About this task: The answer must be an exact transcription of the lines below from the first through the one containing "C2: 104; C-DISK-D04.2-T03.0-P05.08-d0.5", with the pictures left out; please add nothing else.
★ ★ ★ ★
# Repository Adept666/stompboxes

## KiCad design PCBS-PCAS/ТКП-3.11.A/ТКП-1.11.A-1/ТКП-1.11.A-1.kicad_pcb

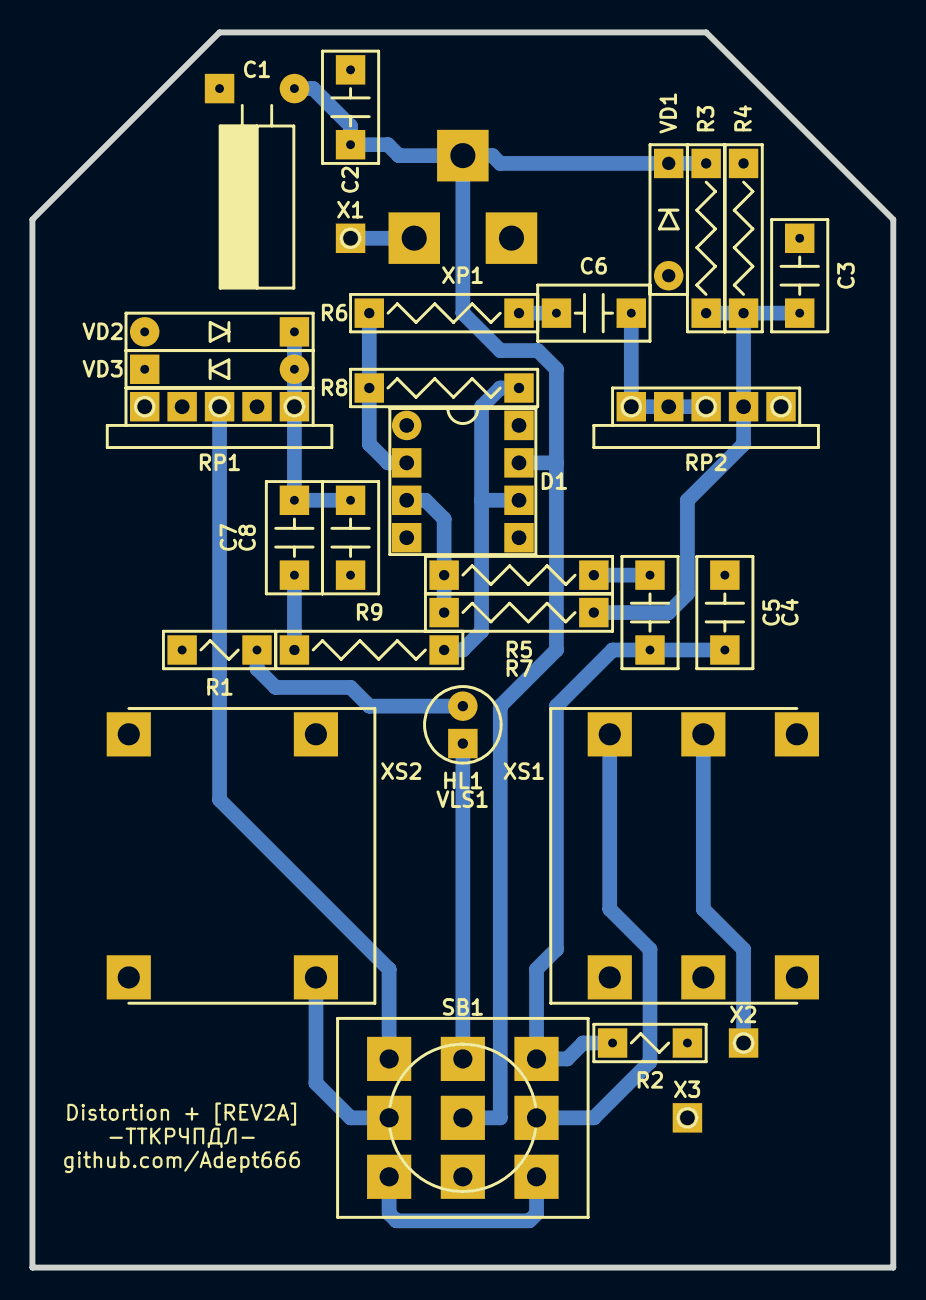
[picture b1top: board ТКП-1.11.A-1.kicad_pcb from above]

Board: 2 copper layers, 58.4 x 83.8 mm, 34 parts (0 on the bottom side), 20 nets.

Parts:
C1: 107; CP-RADIAL-D05.0-P02.0-d0.5-L11-HU
C2: 104; C-DISK-D04.2-T03.0-P05.08-d0.5
C3, C7: 105; C-DISK-D04.2-T03.0-P05.08-d0.5
C4, C8: 102; C-DISK-D04.2-T03.0-P05.08-d0.5
C5: 103; C-DISK-D04.2-T03.0-P05.08-d0.5
C6: 473; C-DISK-D04.2-T03.0-P05.08-d0.5
D1: 741; P-DIP-08
GB1: PP3; B-PP3-HV
HL1: FYL-5013UWC; LED-ROUND-05.0-UNI-SH-SPACER-PNL-5.3
R1: 103; R-MFR-12
R2: 105; R-MFR-12
R3, R4, R7, R8: 105; R-MFR-25
R5, R9: 103; R-MFR-25
R6: 472; R-MFR-25
RP1: A10K; RPB-18-1x17-1.5-PNL-7.4-2.8
RP2: C1M; RPB-18-1x17-1.5-PNL-7.4-2.8
SB1: PBS-24-302SP; SW-PBS-24-302SP-3.0-PNL-13.0
VD1: 400x; P-DO-41
VD2, VD3: 34A; P-DO-7
VE1: B013; B013_A1
VLS1: BR-17.8; VLS-BR
X1: +; CON-PAD-S-1.0-2.0
X2: -; CON-PAD-S-1.0-2.0
X3: COM; CON-PAD-S-1.0-2.0
XP1: 722RA; CON-(L)7X2RA(H)
XS1: NYS215; CON-NYS-215
XS2: NYS2152; CON-NYS-2152

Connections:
/IN-CIR: C4.1, C5.1, R2.2, SB1.NO3
/IN-CON: SB1.COM3, XS1.T
/LED: HL1.A, SB1.NO2
/OUT-CIR: RP1.2, SB1.NO1
/OUT-CON: SB1.COM1, XS2.T
/PP3-NEG: X2.1, XS1.R
/PP3-POS: X1.1, XP1.SN
COM: C1.-, C2.2, C3.2, C4.2, C8.2, D1.4, R1.1, R2.1, R4.1, RP1.1, RP1.NC2, RP2.3, VD1.A, VD2.A, VD3.C, X3.1, XP1.C, XS1.S, XS2.S
unnamed: C5.2, R5.1
unnamed: C6.1, RP2.1, RP2.2, RP2.NC1
unnamed: C6.2, R6.1
unnamed: C7.1, R9.2
unnamed: C7.2, C8.1, RP1.3, VD2.C, VD3.A
unnamed: D1.2, R6.2, R8.1
unnamed: D1.3, R5.2, R7.1
unnamed: D1.6, R8.2, R9.1
unnamed: HL1.C, R1.2
unnamed: SB1.NC1, SB1.NC3
V: C1.+, C2.1, D1.7, R3.2, SB1.COM2, VD1.C, XP1.S
VA: C3.1, R3.1, R4.2, R7.2, RP2.NC2

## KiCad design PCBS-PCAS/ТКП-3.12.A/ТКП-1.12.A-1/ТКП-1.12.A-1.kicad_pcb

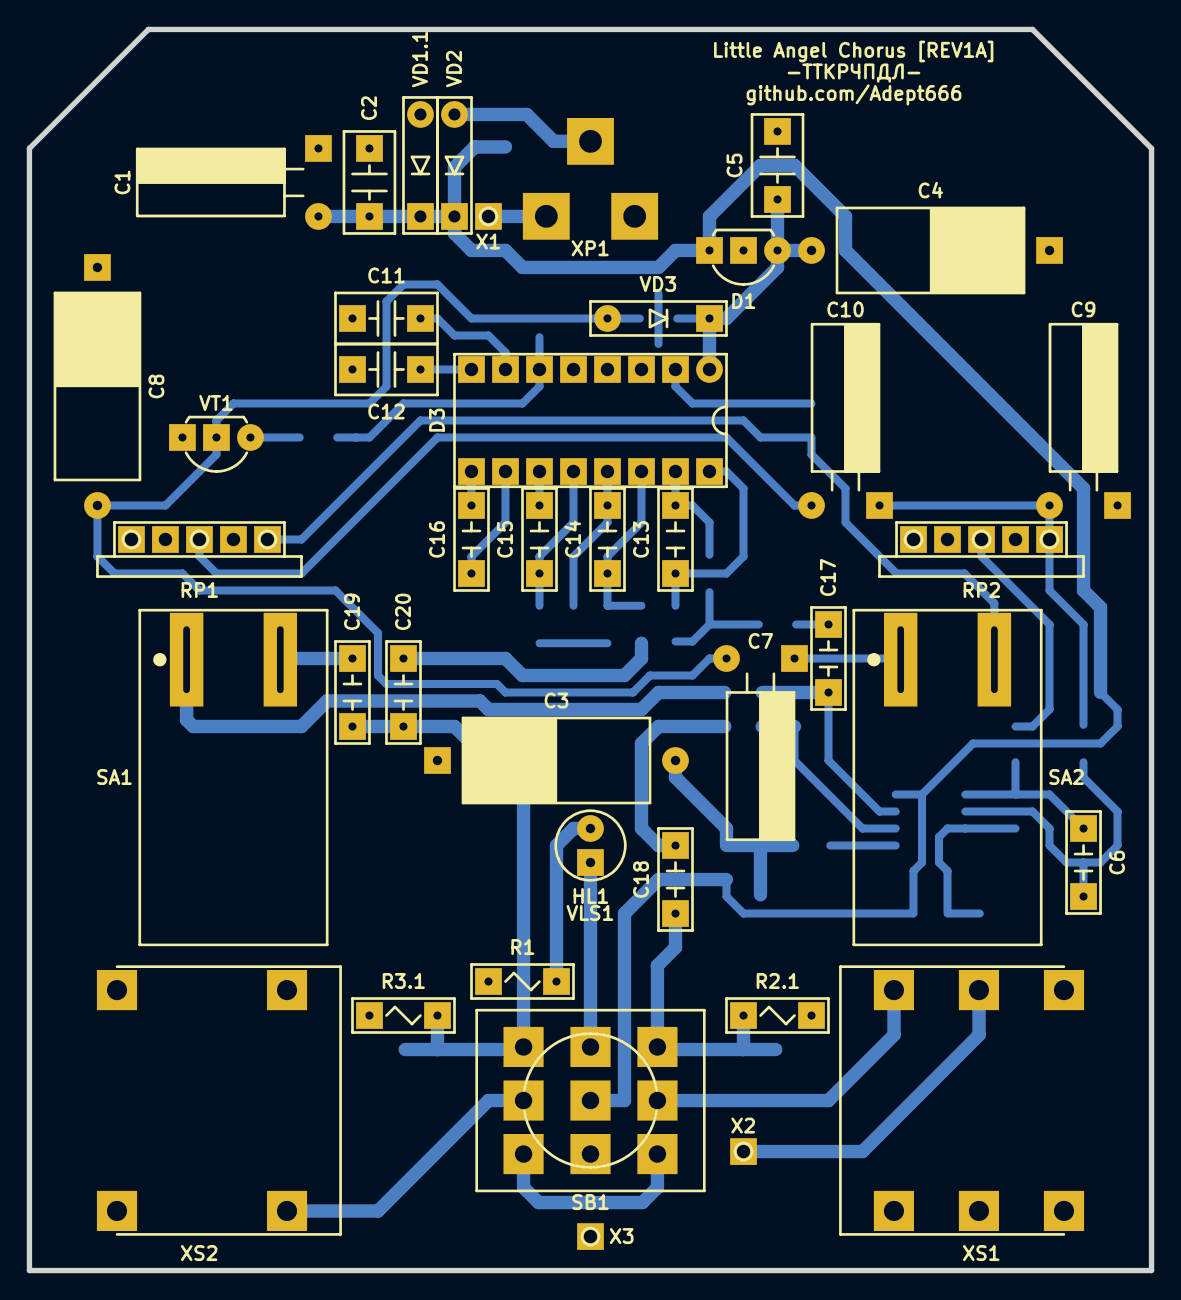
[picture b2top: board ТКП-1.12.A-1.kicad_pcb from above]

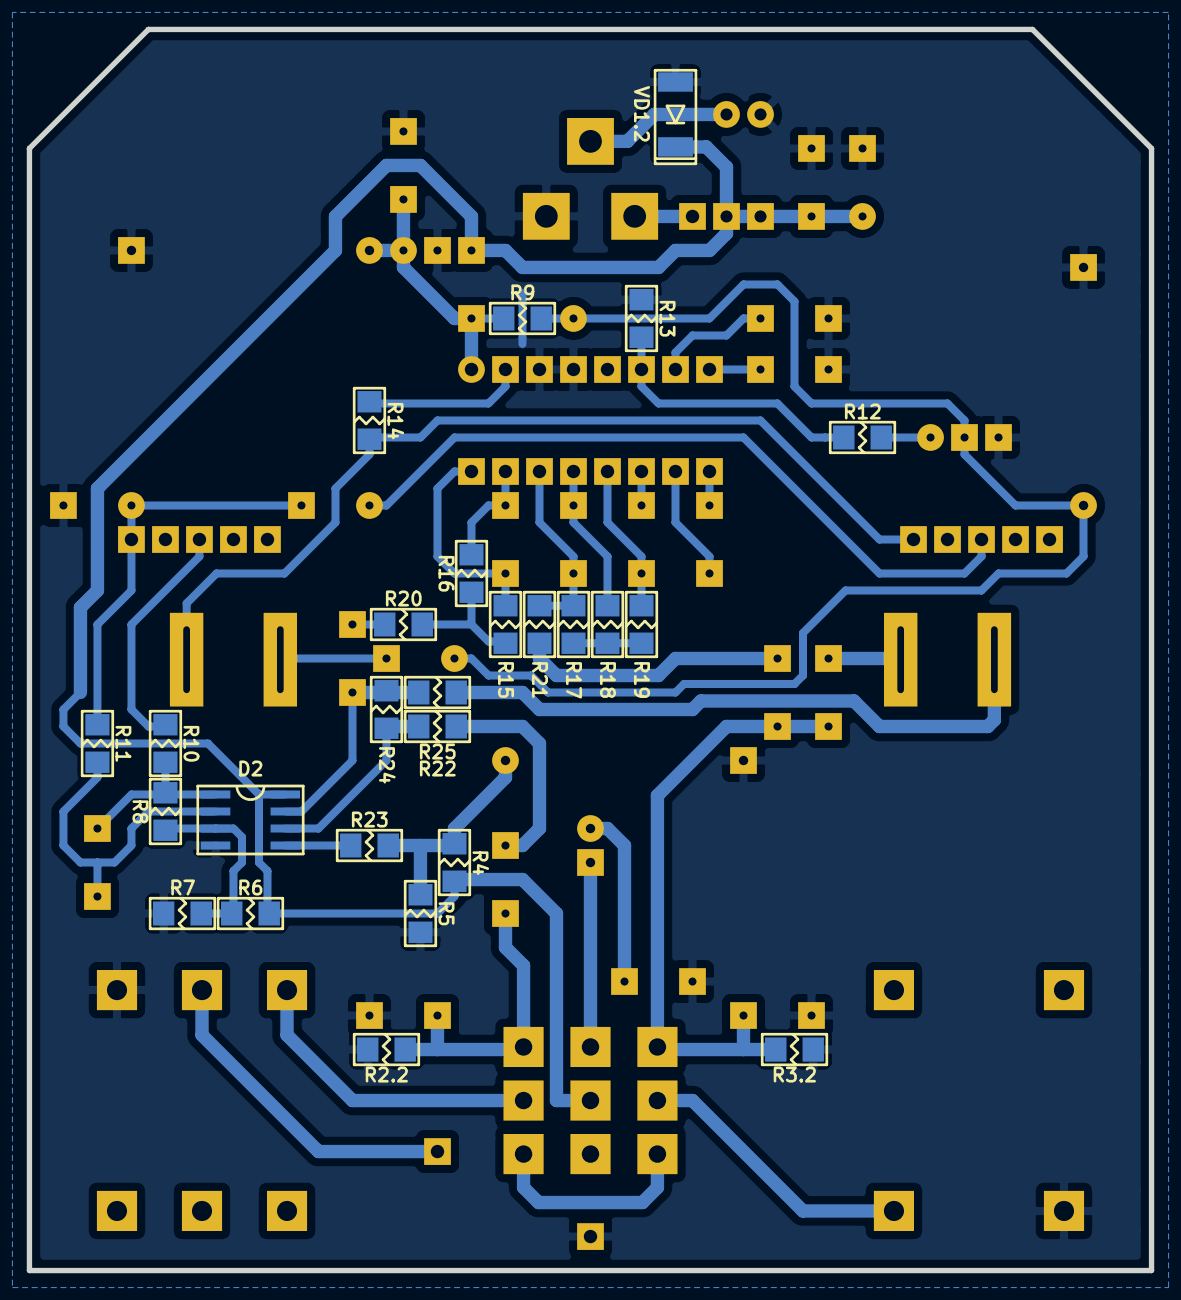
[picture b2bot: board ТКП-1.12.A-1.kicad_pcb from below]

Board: 2 copper layers, 83.8 x 92.7 mm, 70 parts (26 on the bottom side), 46 nets.

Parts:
C1: 107; CP-RADIAL-D05.0-P02.0-d0.5-L11-HU
C2, C5, C11, C12: 104; C-DISK-D04.2-T03.0-P05.08-d0.5
C3, C4, C8: 476; CP-AXIAL-D06-L13-d0.6
C6, C15, C16: 103; C-RECT-L07.3-W02.5-P05.08-d0.5
C7: 106; CP-RADIAL-D05.0-P02.0-d0.5-L11-HD
C9, C10: 106; CP-RADIAL-D05.0-P02.0-d0.5-L11-HU
C13: 332; C-RECT-L07.3-W02.5-P05.08-d0.5
C14: 102; C-RECT-L07.3-W02.5-P05.08-d0.5
C17, C18, C19, C20: 104; C-RECT-L07.3-W02.5-P05.08-d0.5
D1: 78L05; P-TO-92-OUT-GND-IN
D2: 5532; P-SO-08
D3: 2399; P-DIP-16
GB1: PP3; B-PP3-HV
HL1: FYL-5013UWC; LED-ROUND-05.0-UNI-SH-SPACER-PNL-5.3
R1: 103; R-MFR-12
R2.1: 105; R-MFR-12
R2.2, R24: 105; R-SM-1206
R3.1: 104; R-MFR-12
R3.2, R6: 104; R-SM-1206
R4, R5, R15, R16, R17, R18, R19, R20, R21, R25: 103; R-SM-1206
R7: 473; R-SM-1206
R8, R11: 224; R-SM-1206
R9: 683; R-SM-1206
R10: 472; R-SM-1206
R12: 101; R-SM-1206
R13: 222; R-SM-1206
R14: 333; R-SM-1206
R22: 474; R-SM-1206
R23: 334; R-SM-1206
RP1, RP2: B50K; RPB-18-1x12-1.5-PNL-7.4-2.2
SA1, SA2: KN3-1; SW-KN3-1-PNL-13.0
SB1: PBS-24-302SP; SW-PBS-24-302SP-3.0-PNL-13.0
VD1.1: X; P-DO-41
VD1.2: X; P-SOD-87
VD2: 5817; P-DO-41
VD3: 4148; P-DO-35
VE1: G0473; G0473_A1
VLS1: BR-17.8; VLS-BR
VT1: 3904; P-TO-92-C-B-E
X1: +; CON-PAD-S-1.0-2.0
X2: -; CON-PAD-S-1.0-2.0
X3: COM; CON-PAD-S-1.0-2.0
XP1: 722RA; CON-(L)7X2RA(H)
XS1: NYS215; CON-NYS-215
XS2: NYS2152; CON-NYS-2152

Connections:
/IN-CIR: C18.1, R2.1.2, R2.2.2, SB1.NO3
/IN-CON: SB1.COM3, XS1.T
/LED: HL1.A, SB1.NO2
/OUT-CIR: C19.2, C20.2, R3.1.2, R3.2.2, SB1.NO1
/OUT-CON: SB1.COM1, XS2.T
/PP3-NEG: X2.1, XS1.R
/PP3-POS: X1.1, XP1.SN
COM: C1.-, C2.2, C3.-, C4.-, C5.2, C8.-, C9.-, C11.1, C12.1, D1.GND, D2.4, D3.3, D3.4, R1.1, R2.1.1, R2.2.1, R3.1.1, R3.2.1, R5.1, R7.1, R13.1, VD1.1.A, VD1.2.A, VT1.E, X3.1, XP1.C, XS1.S, XS2.S
unnamed: C6.1, D2.1, R8.2, R10.1
unnamed: C6.2, D2.2, R11.1
unnamed: C7.+, C8.+, R9.1, VD3.A, VT1.B
unnamed: C7.-, SA2.COM
unnamed: C10.+, RP1.2
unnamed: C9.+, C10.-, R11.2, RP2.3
★ ★ ★ ★
Exercise answer:
# Repository Adept666/stompboxes

## KiCad design PCBS-PCAS/ТКП-3.11.A/ТКП-1.11.A-1/ТКП-1.11.A-1.kicad_pcb

[picture b1top: board ТКП-1.11.A-1.kicad_pcb from above]

Board: 2 copper layers, 58.4 x 83.8 mm, 34 parts (0 on the bottom side), 20 nets.

Parts:
C1: 107; CP-RADIAL-D05.0-P02.0-d0.5-L11-HU
C2: 104; C-DISK-D04.2-T03.0-P05.08-d0.5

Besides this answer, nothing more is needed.